Lui stesso è arrivato alla Chiesa per vie tortuose. Cresciuto in ambiente protestante e poco praticante, si è avvicinato alla fede all'università, tra un amico appassionato e un libro di C.S. Lewis comprato per caso prima di un volo. Cercava «il buono, il vero e il bello», e le persone che lo incarnavano, dice, erano quasi tutte cattoliche. È passato da una grande chiesa non confessionale a una anglicana, fino a quella cattolica. Lo affascinavano le radici antiche della liturgia, «meno vaghe della chiesa rock and roll da cui ero partito».
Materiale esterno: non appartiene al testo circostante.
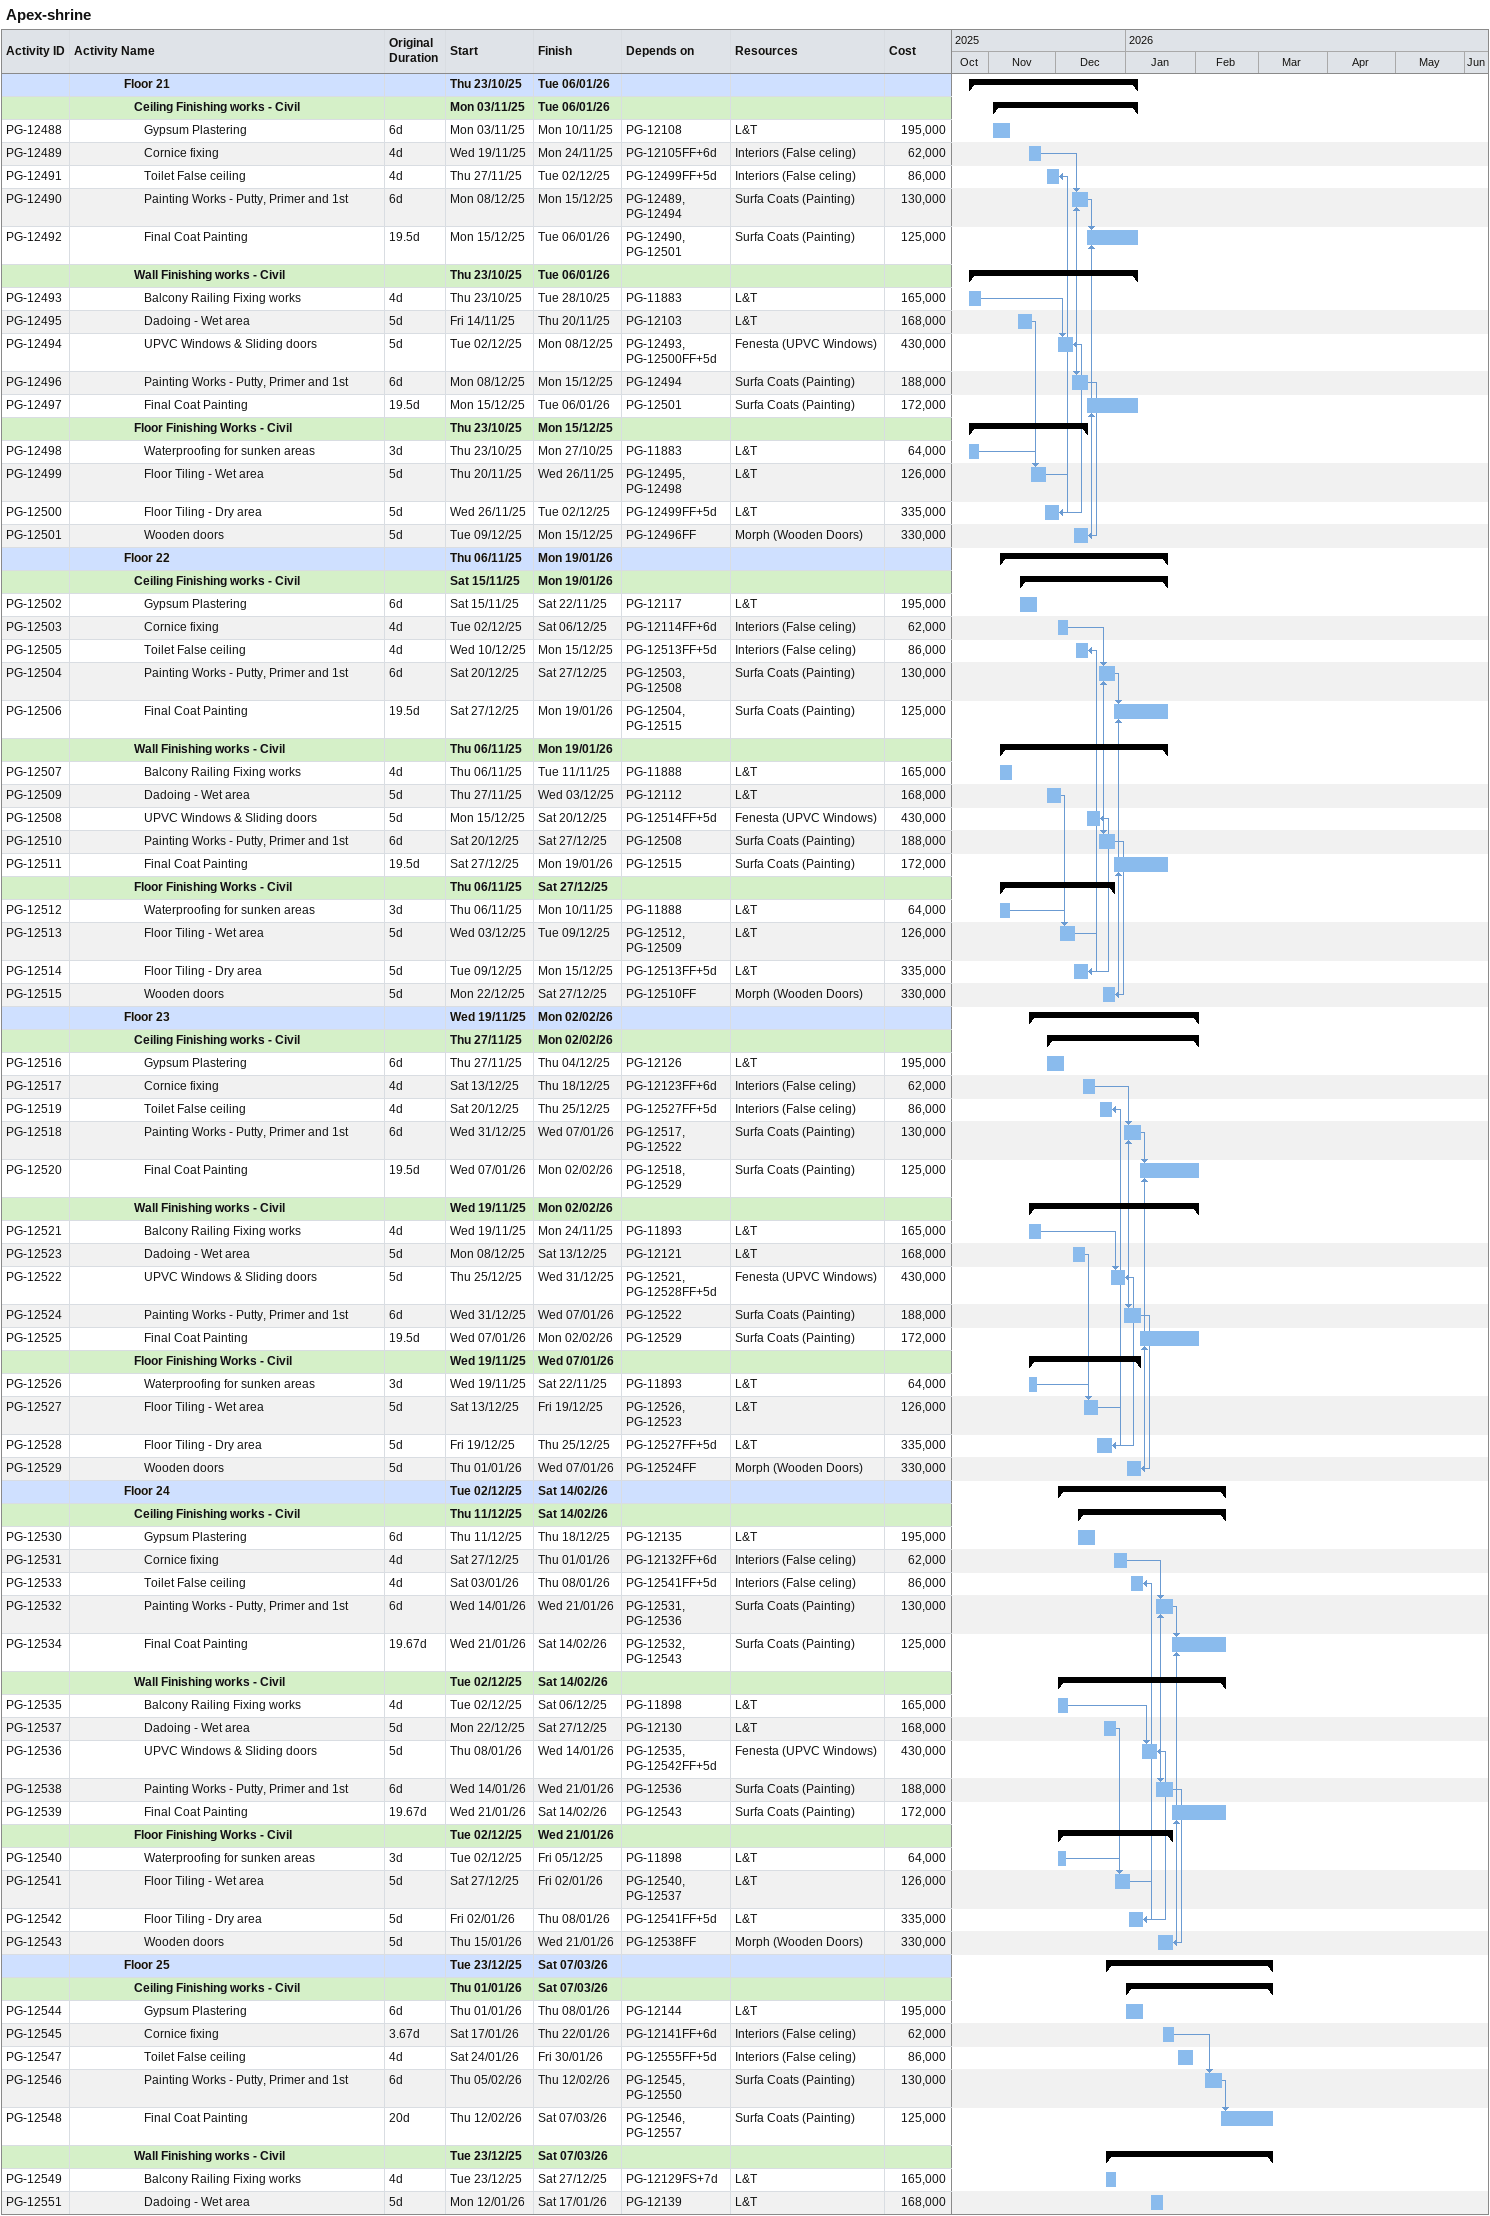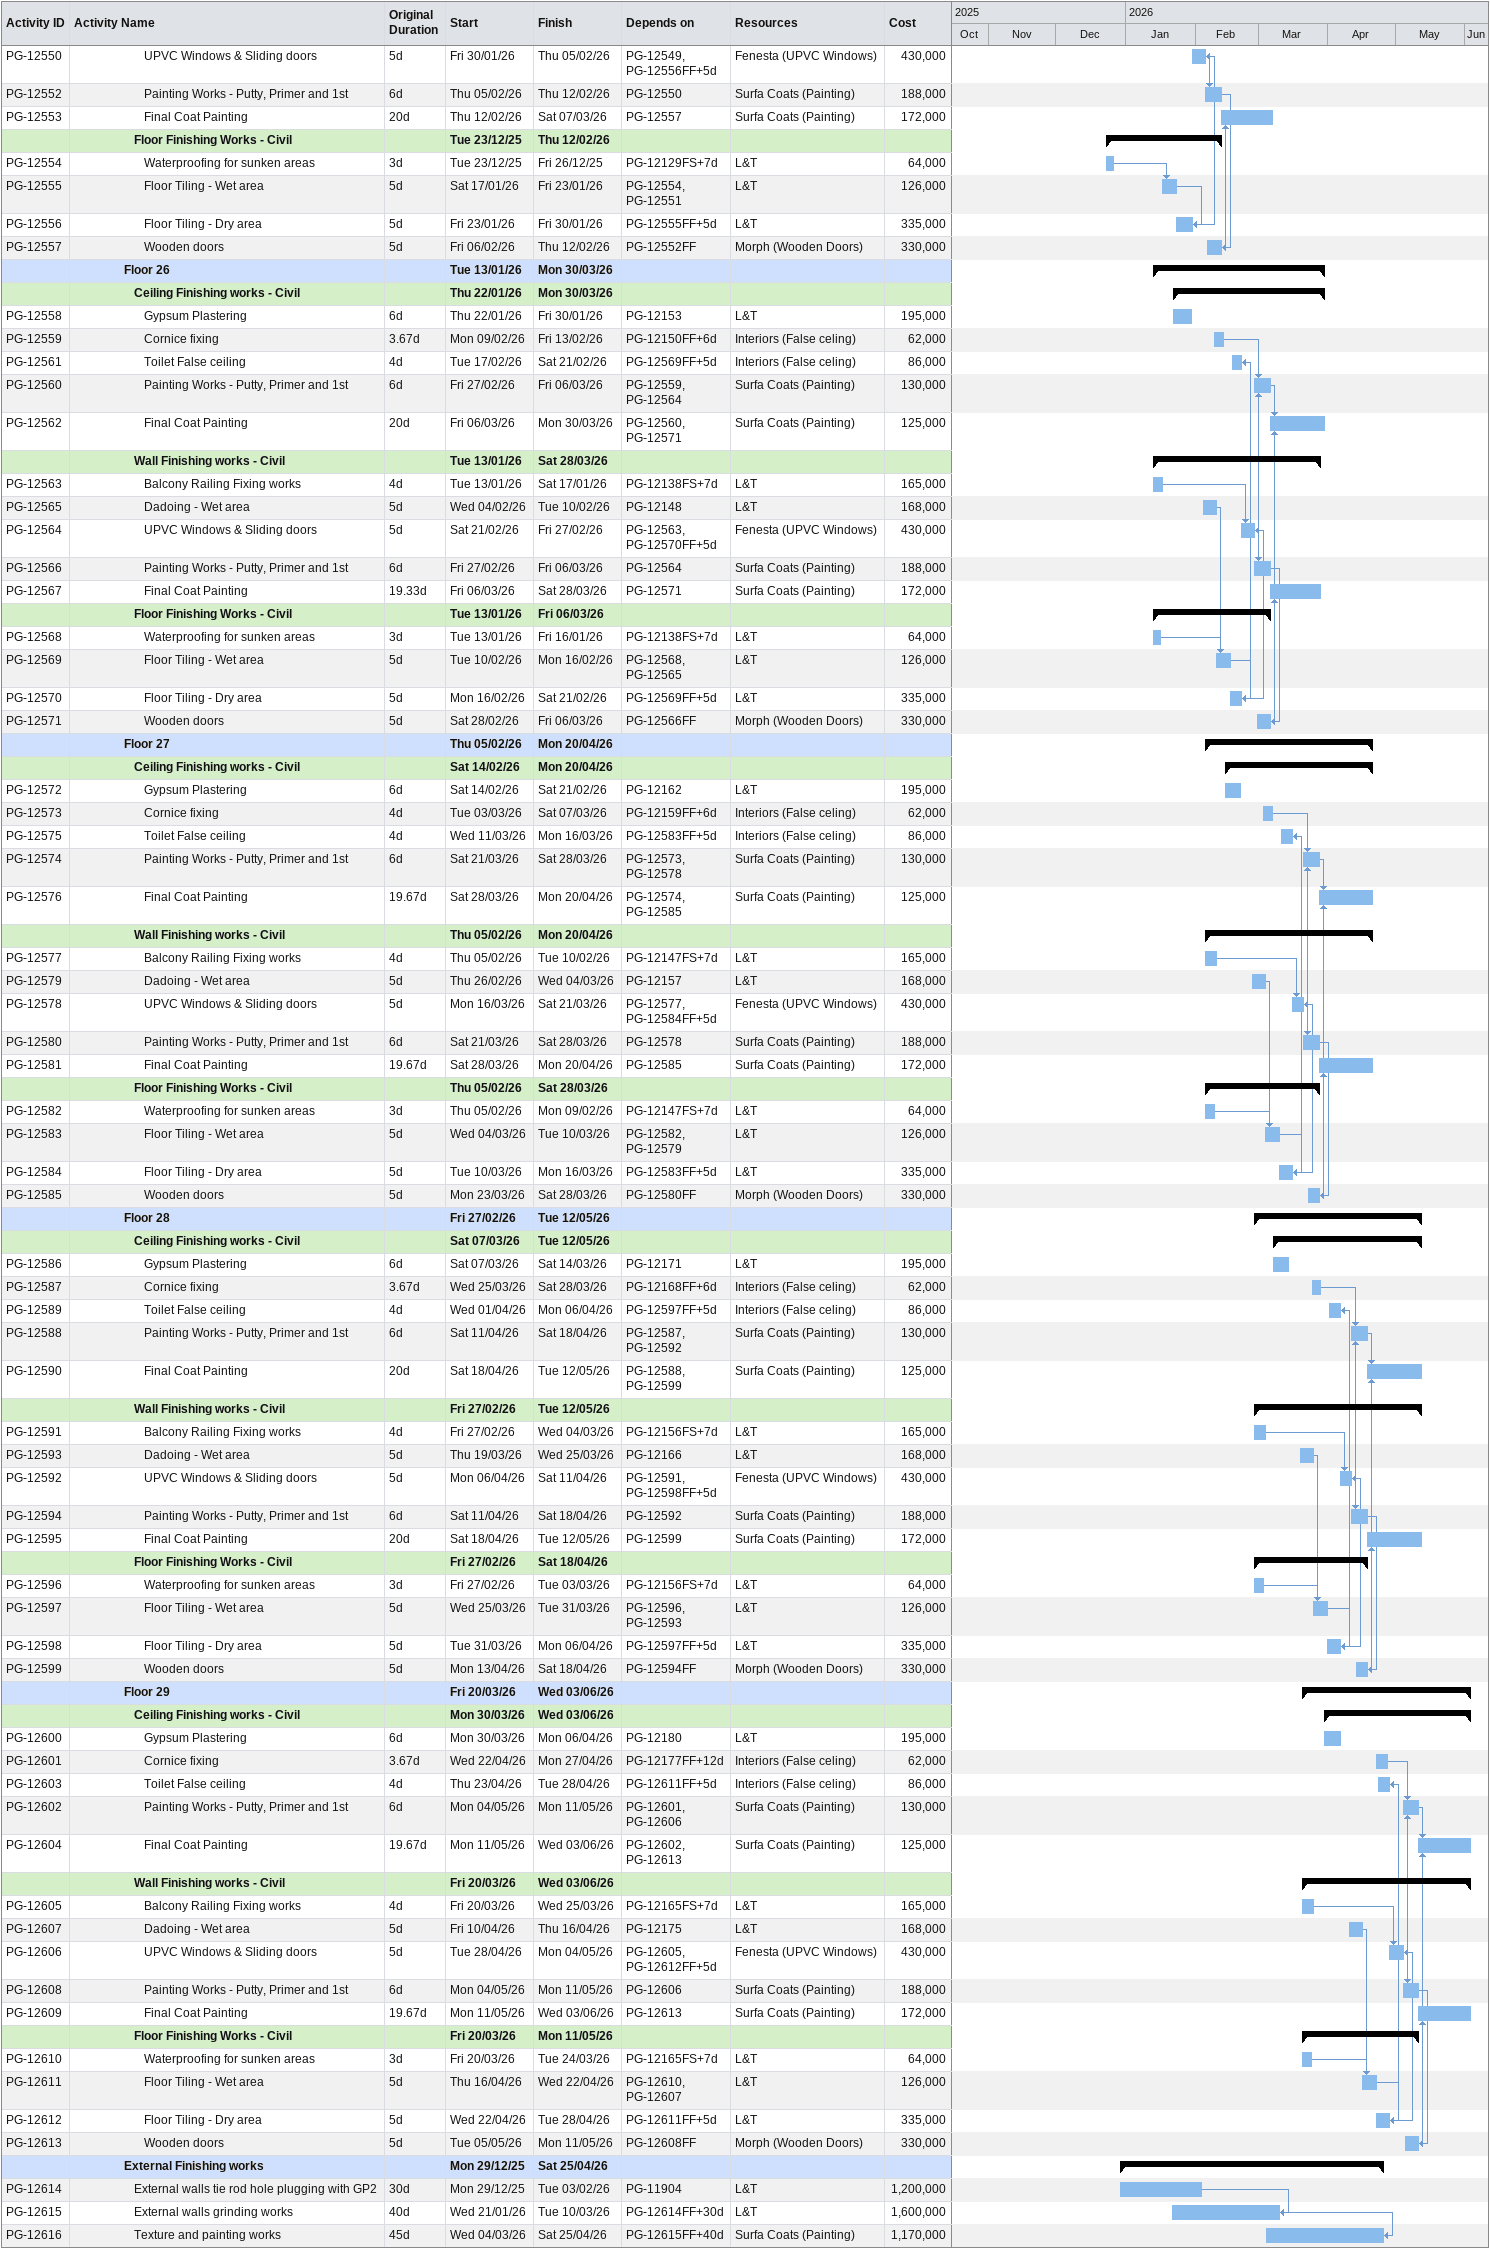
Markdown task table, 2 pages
Apex-shrine

| ID | Level | Task | Original duration | Start | Finish | Predecessors | Resources | Cost |
|---|---|---|---|---|---|---|---|---|
|  | 6 | **Floor 21** |  | 2025-10-23 | 2026-01-06 |  |  |  |
|  | 7 | **Ceiling Finishing works - Civil** |  | 2025-11-03 | 2026-01-06 |  |  |  |
| PG-12488 | 8 | Gypsum Plastering | 6d | 2025-11-03 | 2025-11-10 | PG-12108 | L&T | 195000 |
| PG-12489 | 8 | Cornice fixing | 4d | 2025-11-19 | 2025-11-24 | PG-12105FF+6d | Interiors (False celing) | 62000 |
| PG-12491 | 8 | Toilet False ceiling | 4d | 2025-11-27 | 2025-12-02 | PG-12499FF+5d | Interiors (False celing) | 86000 |
| PG-12490 | 8 | Painting Works - Putty, Primer and 1st | 6d | 2025-12-08 | 2025-12-15 | PG-12489, PG-12494 | Surfa Coats (Painting) | 130000 |
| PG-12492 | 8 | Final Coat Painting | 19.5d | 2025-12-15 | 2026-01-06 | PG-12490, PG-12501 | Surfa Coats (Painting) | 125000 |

Il caso di St. Joe però non è isolato. L'arcidiocesi di New York, che per anni aveva chiuso e accorpato parrocchie, quest'anno ha accolto a Pasqua 482 nuovi convertiti, 160 in più del 2025, con un aumento costante da quattro anni. È parte di un movimento nazionale: negli Stati Unitigli gli adulti si convertono ai ritmi più alti dall'inizio del secolo. Tra le cause, gli esperti indicano un «risveglio eucaristico», l'immigrazione da Paesi latinoamericani tradizionalmente cattolici e l'elezione di Leone XIV, il primo Papa nato in America. «Forse il suo esempio ha spinto molti a tornare al Signore», dice Culver.
I demografi della religione invitano a non parlare troppo in fretta di «revival», però. Secondo il Pew Research Center, nel 2007 il 78% degli adulti americani si diceva cristiano e nel 2023 il 62%, un calo trainato proprio dai più giovani (il 44% dei nati negli anni Novanta non ha alcuna affiliazione religiosa). La discesa, però, si è fermata attorno al 2019: i cristiani si sono stabilizzati poco sopra il 60% della popolazione Usa e i «nones» — vale a dire i senza religione — intorno al 30%. Dai dati emergono due letture opposte: chi, come lo storico Niall Ferguson (e persino come Donald Trump), parla di un «risveglio» cristiano soprattutto tra i giovani e chi vede solo piccoli focolai di rinnovamento in un panorama ancora in contrazione
Del resto, quasi tre cattolici adulti americani su cinque hanno più di 50 anni, ed è uno dei motivi per i quali la folla giovane di St. Joe colpisce tanto. E allora forse bisogna tornare nel Village per capire. Ogni domenica, dopo la Messa, un gruppo si ritrova nel seminterrato attorno a vino e formaggio seguiti da un'ora di discussione guidata da padre Jonah Teller, con temi che spaziano dalla libertà alla speranza e magari di allargano alla lettura di una poesia. L’appuntamento si chiama «In Vino Veritas» ed è uno spazio dichiaratamente apolitico. 
Un ecosistema digitale accompagna la tendenza: molti partecipanti all’incontro usano app di preghiera come Hallow, sponsorizzata dalle star di Hollywood, o programmi come Exodus90 che invitano ad alternare preghiera, elemosina e docce fredde per trarre il massimo beneficio dalla propria spiritualità. Che cosa cercano, allora, questi ragazzi? Culver ha una risposta netta: comunità e disciplina. «Non è una struttura che imprigiona, ma che stabilizza e forma — dice —. La conversione della Gen Z è una specie di ribellione contro il disincanto e l'atomizzazione della nostra epoca». Ricorda poi la disillusione degli anni della pandemia e cita un disagio più ampio: «C'è una guerra alla bellezza, non costruiamo più cose belle, solo cubi neri, e una guerra alla verità». La Chiesa, secondo lui, offre «qualcosa di solido, dottrinalmente ed esistenzialmente». E, conclude, «da quando vivo secondo i suoi insegnamenti, ho notato in me stesso un cambiamento profondo, impossibile da ignorare».